Python, Straightforward with Explanation

  • 6

    The number only has 8 digits, so there are only 8 choose 2 = 28 available swaps. Brute force them all for an O(N^2) solution which passes.

    We will store the candidates as lists of length len(num). For each candidate swap with positions (i, j), we swap the number and record if the candidate is larger than the current answer, then swap back to restore the original number. The only detail is possibly to check that we didn't introduce a leading zero. We don't actually need to check it, because our original number doesn't have one.

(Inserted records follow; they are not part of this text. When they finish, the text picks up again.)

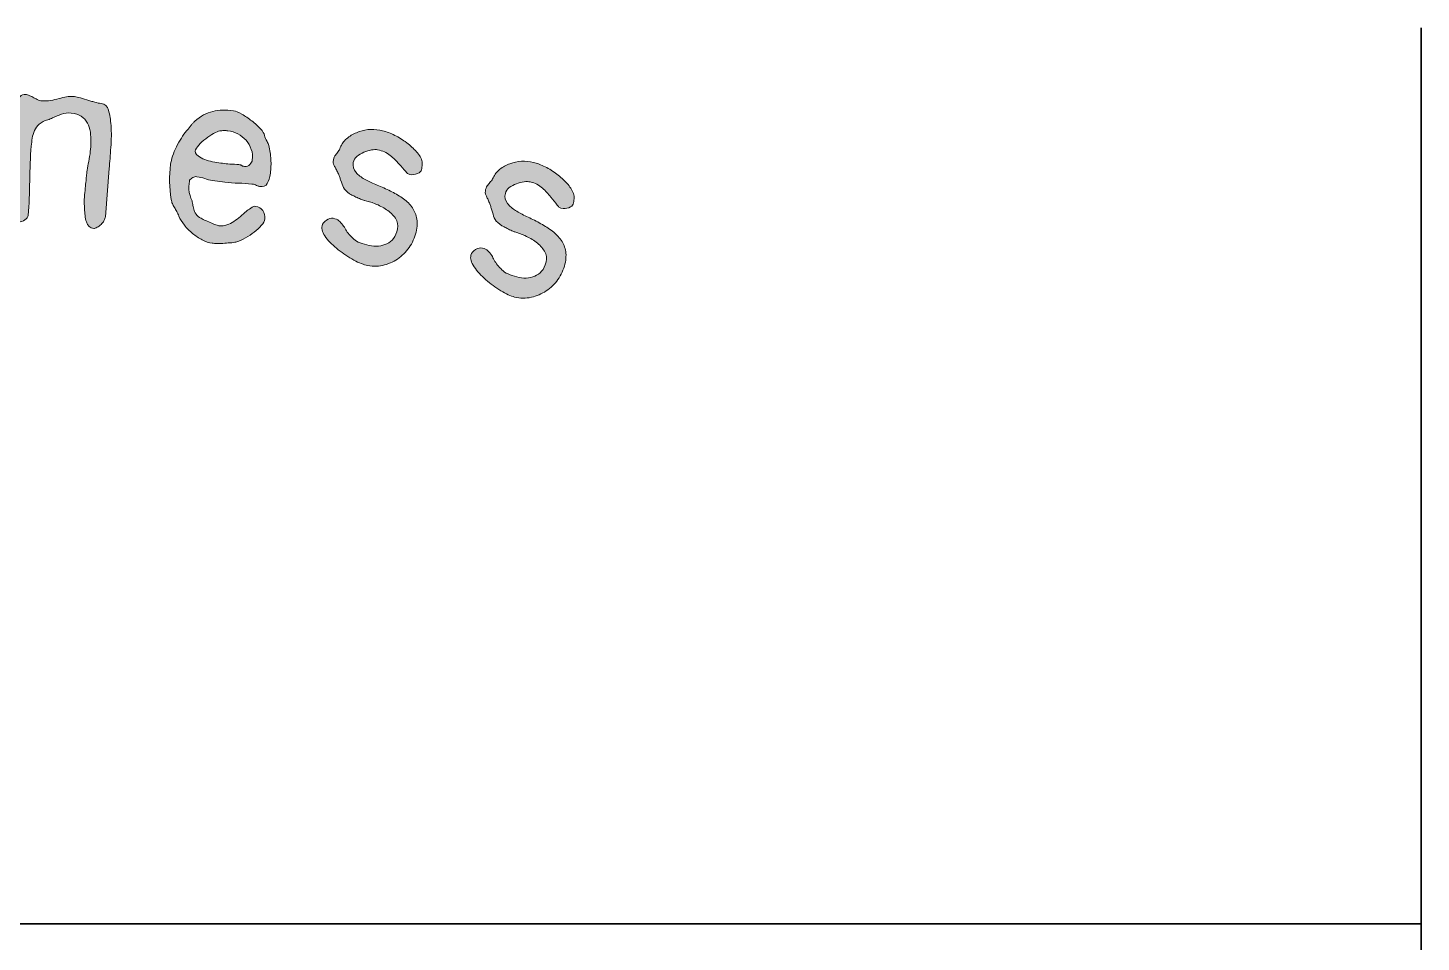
# Model space of a CAD drawing. Header units: inches. Extents: x -1.75 to 1.75, y -1.04 to 1.
# Drawn here: x 0.195 to 1.75, y -0.02 to 1 of the extents above; entities that cross this region are included whole.
import ezdxf

# ---------------------------------------------------------------- set-up
doc = ezdxf.new("R2010")
doc.units = ezdxf.units.IN
doc.header["$MEASUREMENT"] = 0
doc.layers.add('Default', color=7, linetype='Continuous')

# ---------------------------------------------------------------- blocks, each defined once
blk = doc.blocks.new('block 2')
at = {"layer": 'Default', "true_color": 0xffffff}
h = blk.add_hatch(color=7, dxfattribs=at)
h.dxf.hatch_style = 2
edge = h.paths.add_edge_path()
edge.add_spline(control_points=[(0.2813, 0.7892), (0.2812, 0.7879), (0.2807, 0.7864), (0.2798, 0.7848), (0.2789, 0.7832), (0.2778, 0.7818), (0.2765, 0.7806), (0.2751, 0.7793), (0.2737, 0.7783), (0.2722, 0.7774), (0.2707, 0.7765), (0.2694, 0.7761), (0.2683, 0.7762), (0.2641, 0.7765), (0.2613, 0.7789), (0.2601, 0.7834), (0.2589, 0.7878), (0.2582, 0.7928), (0.258, 0.7984), (0.2576, 0.8051), (0.2578, 0.8119), (0.2586, 0.8186), (0.2593, 0.8253), (0.2599, 0.8306), (0.2602, 0.8344), (0.2605, 0.8381), (0.2613, 0.8437), (0.2628, 0.851), (0.2643, 0.8584), (0.2651, 0.8656), (0.2652, 0.8727), (0.2653, 0.8763), (0.2651, 0.88), (0.2646, 0.8837), (0.2641, 0.8874), (0.263, 0.8908), (0.2614, 0.8938), (0.2597, 0.8968), (0.2574, 0.8993), (0.2544, 0.9014), (0.2515, 0.9034), (0.2477, 0.9046), (0.243, 0.9049), (0.2392, 0.9052), (0.2357, 0.9048), (0.2324, 0.9036), (0.2291, 0.9024), (0.2258, 0.9011), (0.2225, 0.8995), (0.2216, 0.8992), (0.2207, 0.8988), (0.2199, 0.8984), (0.2191, 0.898), (0.2181, 0.8977), (0.217, 0.8973), (0.2131, 0.8963), (0.21, 0.8947), (0.2076, 0.8925), (0.2052, 0.8904), (0.2034, 0.888), (0.2022, 0.8853), (0.201, 0.8826), (0.2001, 0.8797), (0.1997, 0.8768), (0.1992, 0.8738), (0.1989, 0.8709), (0.1986, 0.868), (0.1976, 0.8556), (0.1971, 0.8427), (0.1969, 0.8293), (0.1967, 0.816), (0.1962, 0.8031), (0.1952, 0.7907), (0.195, 0.7889), (0.1938, 0.7872), (0.1916, 0.7856), (0.1894, 0.784), (0.187, 0.7833), (0.1846, 0.7835), (0.1808, 0.7838), (0.178, 0.7859), (0.176, 0.7897), (0.1741, 0.7935), (0.1733, 0.7978), (0.1737, 0.8024), (0.1737, 0.8024), (0.1828, 0.9167), (0.1828, 0.9167), (0.183, 0.9192), (0.184, 0.9213), (0.1859, 0.9232), (0.1879, 0.925), (0.1899, 0.9259), (0.1922, 0.9257), (0.1937, 0.9256), (0.1951, 0.9252), (0.1963, 0.9247), (0.1974, 0.9241), (0.1988, 0.9235), (0.2003, 0.9227), (0.202, 0.9217), (0.2036, 0.9208), (0.2053, 0.92), (0.2069, 0.9192), (0.2088, 0.9187), (0.211, 0.9185), (0.2141, 0.9183), (0.2172, 0.9184), (0.2202, 0.9189), (0.2233, 0.9195), (0.2264, 0.9202), (0.2296, 0.921), (0.2325, 0.9219), (0.2353, 0.9226), (0.2379, 0.9231), (0.2405, 0.9235), (0.2432, 0.9236), (0.2458, 0.9234), (0.2487, 0.9232), (0.2536, 0.9219), (0.2606, 0.9196), (0.2621, 0.919), (0.2636, 0.9186), (0.2651, 0.9182), (0.2667, 0.9179), (0.2681, 0.9175), (0.2694, 0.9172), (0.272, 0.9163), (0.2744, 0.9158), (0.2766, 0.9156), (0.2808, 0.9153), (0.2836, 0.9128), (0.2849, 0.908), (0.2862, 0.9032), (0.2871, 0.8975), (0.2877, 0.891), (0.2882, 0.8834), (0.2881, 0.8753), (0.2875, 0.8666), (0.2868, 0.858), (0.2862, 0.8501), (0.2856, 0.843), (0.2856, 0.843), (0.2813, 0.7892), (0.2813, 0.7892)], knot_values=[0, 0, 0, 0, 1, 1, 1, 2, 2, 2, 3, 3, 3, 4, 4, 4, 5, 5, 5, 6, 6, 6, 7, 7, 7, 8, 8, 8, 9, 9, 9, 10, 10, 10, 11, 11, 11, 12, 12, 12, 13, 13, 13, 14, 14, 14, 15, 15, 15, 16, 16, 16, 17, 17, 17, 18, 18, 18, 19, 19, 19, 20, 20, 20, 21, 21, 21, 22, 22, 22, 23, 23, 23, 24, 24, 24, 25, 25, 25, 26, 26, 26, 27, 27, 27, 28, 28, 28, 29, 29, 29, 30, 30, 30, 31, 31, 31, 32, 32, 32, 33, 33, 33, 34, 34, 34, 35, 35, 35, 36, 36, 36, 37, 37, 37, 38, 38, 38, 39, 39, 39, 40, 40, 40, 41, 41, 41, 42, 42, 42, 43, 43, 43, 44, 44, 44, 45, 45, 45, 46, 46, 46, 47, 47, 47, 48, 48, 48, 48], degree=3, periodic=1)
h = blk.add_hatch(color=7, dxfattribs=at)
h.dxf.hatch_style = 2
edge = h.paths.add_edge_path()
edge.add_spline(control_points=[(0.4554, 0.7795), (0.4532, 0.7769), (0.4505, 0.7744), (0.4476, 0.7721), (0.4445, 0.7698), (0.4413, 0.7677), (0.4378, 0.7657), (0.4342, 0.7637), (0.4311, 0.7623), (0.4282, 0.7613), (0.4268, 0.7608), (0.4249, 0.7605), (0.4224, 0.7602), (0.4199, 0.76), (0.4173, 0.7598), (0.4146, 0.7596), (0.4119, 0.7594), (0.4092, 0.7593), (0.4066, 0.7593), (0.4041, 0.7594), (0.402, 0.7595), (0.4005, 0.7597), (0.3969, 0.7602), (0.3933, 0.7614), (0.3895, 0.7633), (0.3857, 0.7653), (0.3821, 0.7677), (0.3787, 0.7705), (0.3753, 0.7733), (0.3722, 0.7764), (0.3695, 0.7798), (0.3669, 0.7832), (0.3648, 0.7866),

    def maximumSwap(self, num):
        A = list(str(num))
        ans = A[:]
        for i in xrange(len(A)):
            for j in xrange(i+1, len(A)):
                A[i], A[j] = A[j], A[i]
                if A > ans: ans = A[:]
                A[i], A[j] = A[j], A[i]
        return int("".join(ans))

    We can also get an O(N) solution. At each digit, if there is a larger digit that occurs later, we want the swap it with the largest such digit that occurs the latest.

    def maximumSwap(self, num):
        A = map(int, str(num))
        last = {x: i for i, x in enumerate(A)}
        for i, x in enumerate(A):
            for d in xrange(9, x, -1):
                if last.get(d, None) > i:
                    A[i], A[last[d]] = A[last[d]], A[i]
                    return int("".join(map(str, A)))
        return num

  • 0

    Love the O(N) solution! The line last = {x: i for i, x in enumerate(A)} is neat, too! ;)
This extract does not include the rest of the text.